Asked about how Prop 22’s reversal might impact InShare’s goal of providing expanded coverage to gig workers, Warnquist was bullish. He cautions that the decision might not have much staying power, but he says that its impact might be more symbolic in showing states and companies that protecting gig workers can help them turn a profit.

“It’s not only the right thing to protect workers, it’s good business. Because if you don’t protect workers, you’re going to get more of these kinds of decisions,” he explained.


Read: Uber, Lyft and others face a reckoning

Read: Truework expands credit access for gig workers


The legal back-and-forth surrounding gig workers has already proved costly — Uber, Lyft, DoorDash and others spent a combined $200 million pushing Prop 22, making it the single costliest ballot measure in California’s history. There’s no telling how much they could lose if bills they’ve invested in in other states, like Massachusetts Bill H.1234, are struck down by the courts.

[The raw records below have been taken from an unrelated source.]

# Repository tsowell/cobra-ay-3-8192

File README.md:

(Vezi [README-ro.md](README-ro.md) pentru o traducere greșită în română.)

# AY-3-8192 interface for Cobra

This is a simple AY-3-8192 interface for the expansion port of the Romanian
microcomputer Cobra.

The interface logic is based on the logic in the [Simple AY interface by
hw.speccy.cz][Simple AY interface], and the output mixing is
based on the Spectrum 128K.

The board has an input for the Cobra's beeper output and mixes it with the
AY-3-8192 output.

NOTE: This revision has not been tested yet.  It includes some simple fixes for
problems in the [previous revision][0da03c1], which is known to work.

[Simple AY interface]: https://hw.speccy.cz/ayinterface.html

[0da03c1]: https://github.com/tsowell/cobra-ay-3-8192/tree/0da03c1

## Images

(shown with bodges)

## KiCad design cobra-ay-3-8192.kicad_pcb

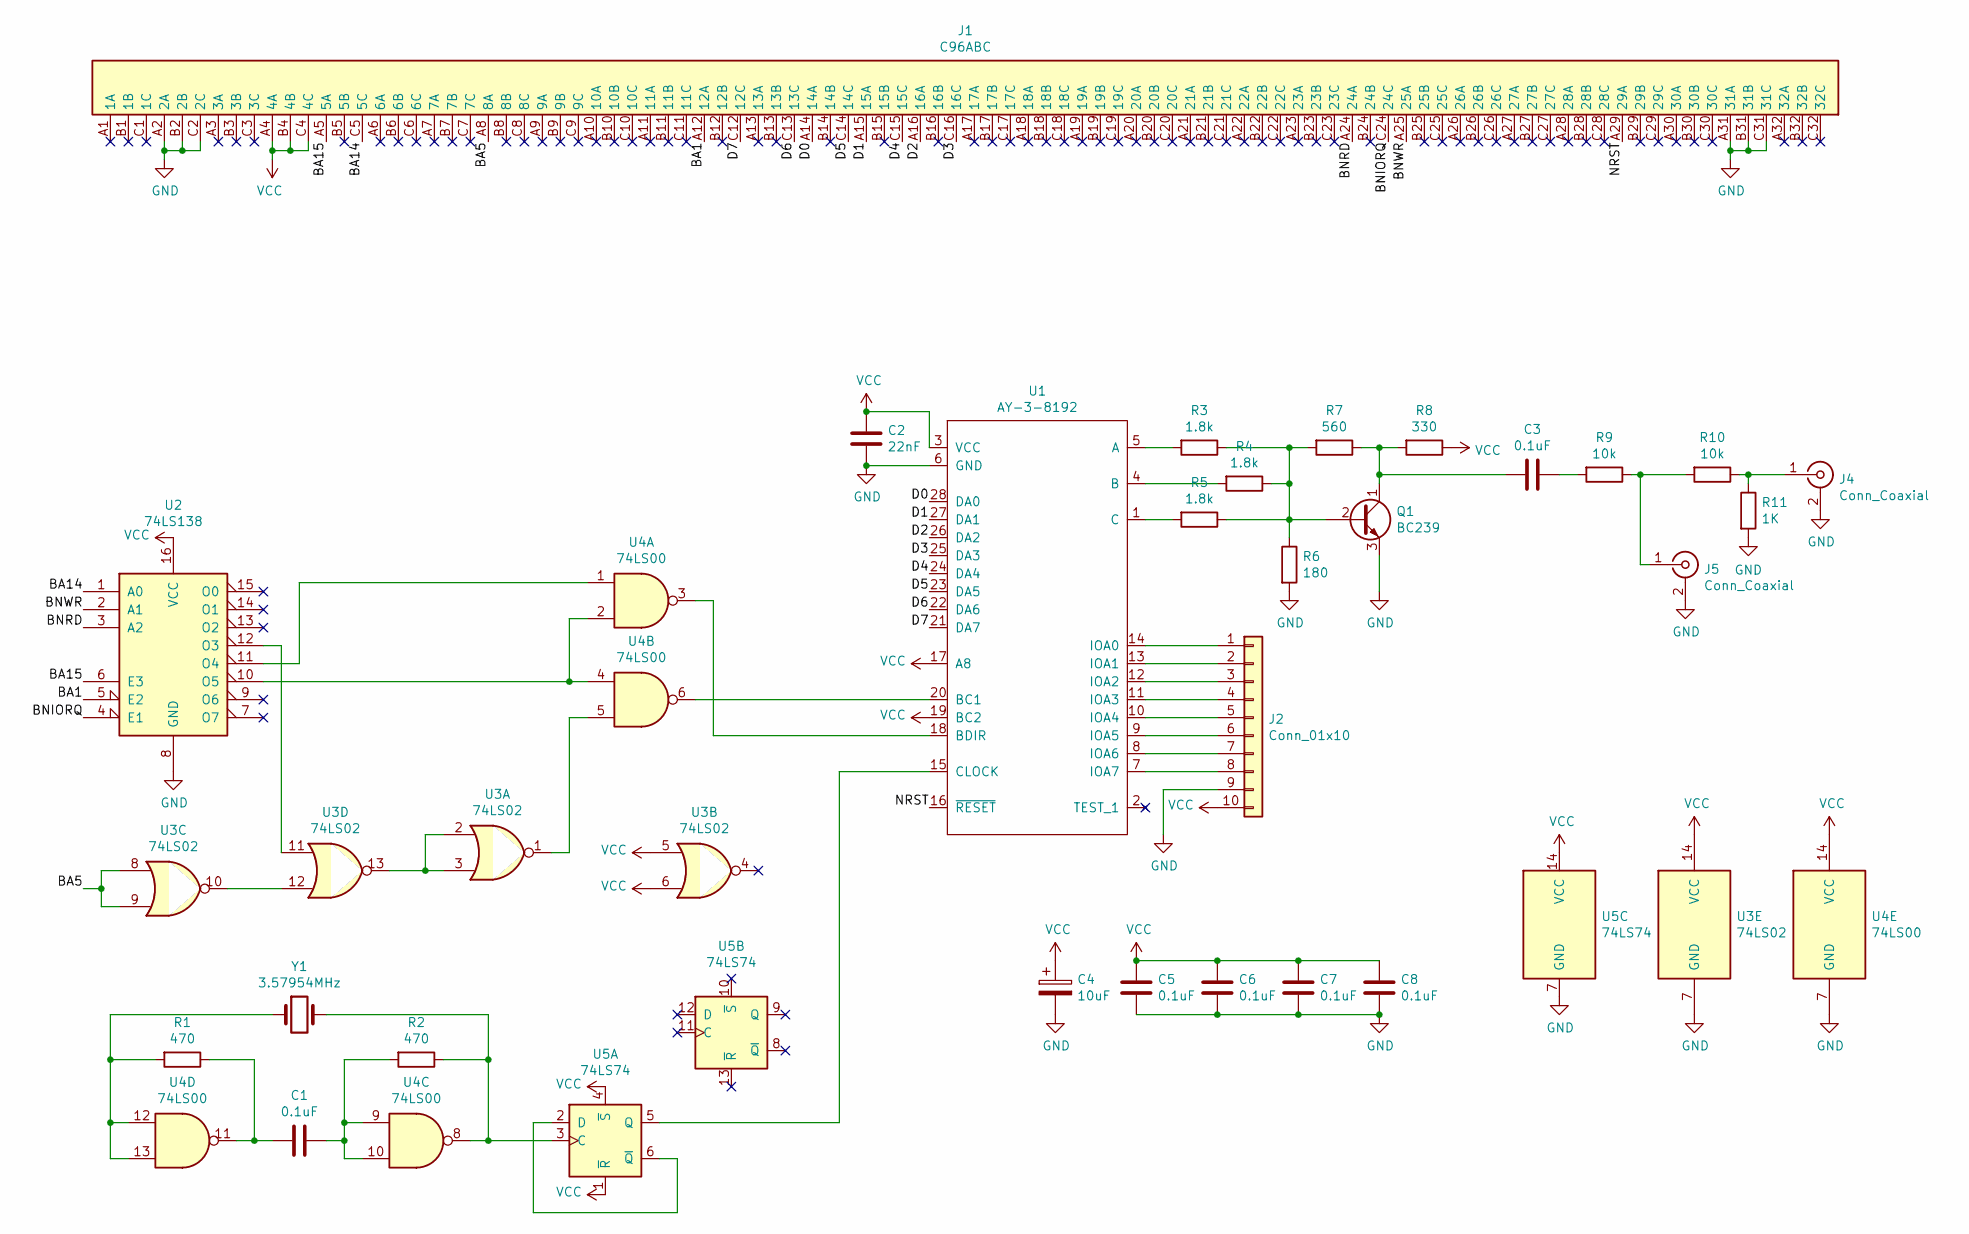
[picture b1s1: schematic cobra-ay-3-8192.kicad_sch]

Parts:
C1, C3, C5, C6, C7, C8: 0.1uF; C_Disc_D5.0mm_W2.5mm_P5.00mm
C2: 22nF; C_Disc_D5.0mm_W2.5mm_P5.00mm
C4: 10uF; CP_Radial_D5.0mm_P2.50mm
J1: C96ABC; DIN41612_C_3x32_Female_Horizontal_THT
J2: Conn_01x10; PinHeader_1x10_P2.54mm_Vertical
J4, J5: Conn_Coaxial; RCJ-04
Q1: BC239; TO-92_Inline_Wide
R1, R2: 470; R_Axial_DIN0204_L3.6mm_D1.6mm_P7.62mm_Horizontal
R3, R4, R5: 1.8k; R_Axial_DIN0204_L3.6mm_D1.6mm_P7.62mm_Horizontal
R6: 180; R_Axial_DIN0204_L3.6mm_D1.6mm_P7.62mm_Horizontal
R7: 560; R_Axial_DIN0204_L3.6mm_D1.6mm_P7.62mm_Horizontal
R8: 330; R_Axial_DIN0204_L3.6mm_D1.6mm_P7.62mm_Horizontal
R9, R10: 10k; R_Axial_DIN0204_L3.6mm_D1.6mm_P7.62mm_Horizontal
R11: 1K; R_Axial_DIN0204_L3.6mm_D1.6mm_P7.62mm_Horizontal
U1: AY-3-8192; DIP-28_W15.24mm_Socket
U2: 74LS138; DIP-16_W7.62mm_Socket
U3: 74LS02; DIP-14_W7.62mm_Socket
U4: 74LS00; DIP-14_W7.62mm_Socket
U5: 74LS74; DIP-14_W7.62mm_Socket
Y1: 3.57954MHz; Crystal_HC49-U_Vertical

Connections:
/BA1: J1.A12 (12A), U2.5 (E2)
/BA5: J1.A8 (8A), U3.8, U3.9
/BA14: J1.C5 (5C), U2.1 (A0)
/BA15: J1.A5 (5A), U2.6 (E3)
/BNIORQ: J1.C24 (24C), U2.4 (E1)
/BNRD: J1.A24 (24A), U2.3 (A2)
/BNWR: J1.A25 (25A), U2.2 (A1)
/D0: J1.A14 (14A), U1.28 (DA0)
/D1: J1.A15 (15A), U1.27 (DA1)
/D2: J1.A16 (16A), U1.26 (DA2)
/D3: J1.C16 (16C), U1.25 (DA3)
/D4: J1.C15 (15C), U1.24 (DA4)
/D5: J1.C14 (14C), U1.23 (DA5)
/D6: J1.C13 (13C), U1.22 (DA6)
/D7: J1.C12 (12C), U1.21 (DA7)
/NRST: J1.A29 (29A), U1.16 (~RESET)
GND: C2.2, C4.2, C5.2, C6.2, C7.2, C8.2, J1.A2 (2A), J1.A31 (31A), J1.B2 (2B), J1.B31 (31B), J1.C2 (2C), J1.C31 (31C), J2.9, J4.2 (Ext), J5.2 (Ext), Q1.3 (E), R6.2, R11.2, U1.6 (GND), U2.8 (GND), U3.7 (GND), U4.7 (GND), U5.7 (GND)
unnamed: C1.1, R2.2, U4.9, U4.10
unnamed: C1.2, R1.1, U4.11
unnamed: C3.1, R9.2
unnamed: C3.2, Q1.1 (C), R7.1, R8.2
unnamed: J2.1, U1.14 (IOA0)
unnamed: J2.2, U1.13 (IOA1)
unnamed: J2.3, U1.12 (IOA2)
unnamed: J2.4, U1.11 (IOA3)
unnamed: J2.5, U1.10 (IOA4)
unnamed: J2.6, U1.9 (IOA5)
unnamed: J2.7, U1.8 (IOA6)
unnamed: J2.8, U1.7 (IOA7)
unnamed: J5.1 (In), R9.1, R10.2
unnamed: Q1.2 (B), R3.1, R4.1, R5.1, R6.1, R7.2
unnamed: R1.2, U4.12, U4.13, Y1.1
unnamed: R2.1, U4.8, U5.3 (C), Y1.2
unnamed: R3.2, U1.5 (A)
unnamed: R4.2, U1.4 (B)
unnamed: R5.2, U1.1 (C)
unnamed: J4.1 (In), R10.1, R11.1
unnamed: U1.15 (CLOCK), U5.5 (Q)
unnamed: U1.18 (BDIR), U4.3
unnamed: U1.20 (BC1), U4.6
unnamed: U2.10 (O5), U4.2, U4.4
unnamed: U2.11 (O4), U4.1
unnamed: U2.12 (O3), U3.11
unnamed: U3.1, U4.5
unnamed: U3.10, U3.12
unnamed: U3.2, U3.3, U3.13
unnamed: U5.2 (D), U5.6 (~Q)
VCC: C2.1, C4.1, C5.1, C6.1, C7.1, C8.1, J1.A4 (4A), J1.B4 (4B), J1.C4 (4C), J2.10, R8.1, U1.3 (VCC), U1.17 (A8), U1.19 (BC2), U2.16 (VCC), U3.5, U3.6, U3.14 (VCC), U4.14 (VCC), U5.1 (~R), U5.4 (~S), U5.14 (VCC)

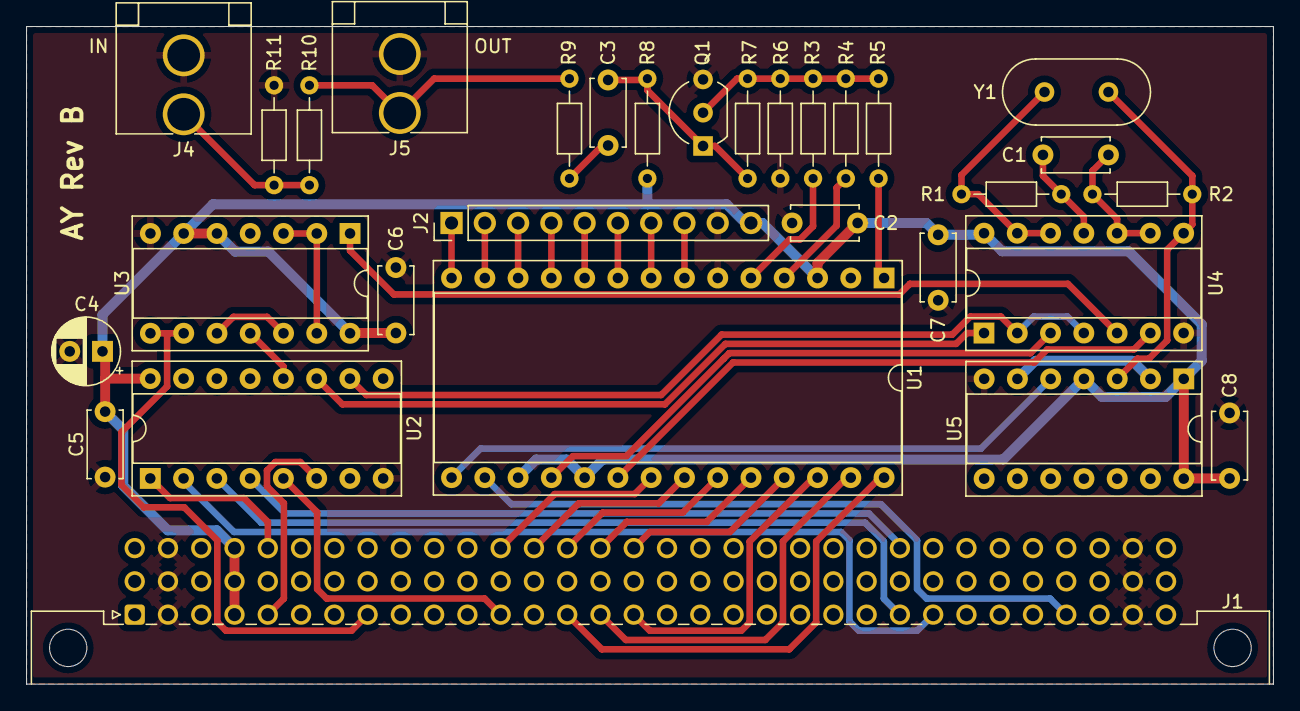
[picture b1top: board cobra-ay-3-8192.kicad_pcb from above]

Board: 2 copper layers, 95.2 x 50.2 mm, 30 parts (0 on the bottom side), 48 nets.

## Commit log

2022-01-26 Fix issues with audio input/output
    Swap RCA connector pins, move RCA connectors closer to board edge, and
    add resistors R10 and R11 to input audio.

While it’s clear that courts view Prop 22 as flawed, Warnquist sees H.1234 as a potential way ahead. Unlike the California ballot measure, it would create a third classification for workers that lies between employee and independent contractor, allowing gig workers to gain some of the benefits of full employment while holding on to the flexibility that makes gig work so attractive.

While Warnquist crosses his fingers in hopes H.1234 will pass — which could take awhile — InShare won’t let any maneuvering by Uber and Lyft in the wake of the Prop 22 ruling slow the company down.

“There’s more that we’re going to do in this space, particularly providing benefits to independent workers,” he said. “This kind of decision, in my mind, it’s not going to slow us down one iota. And it might even cause us to accelerate.”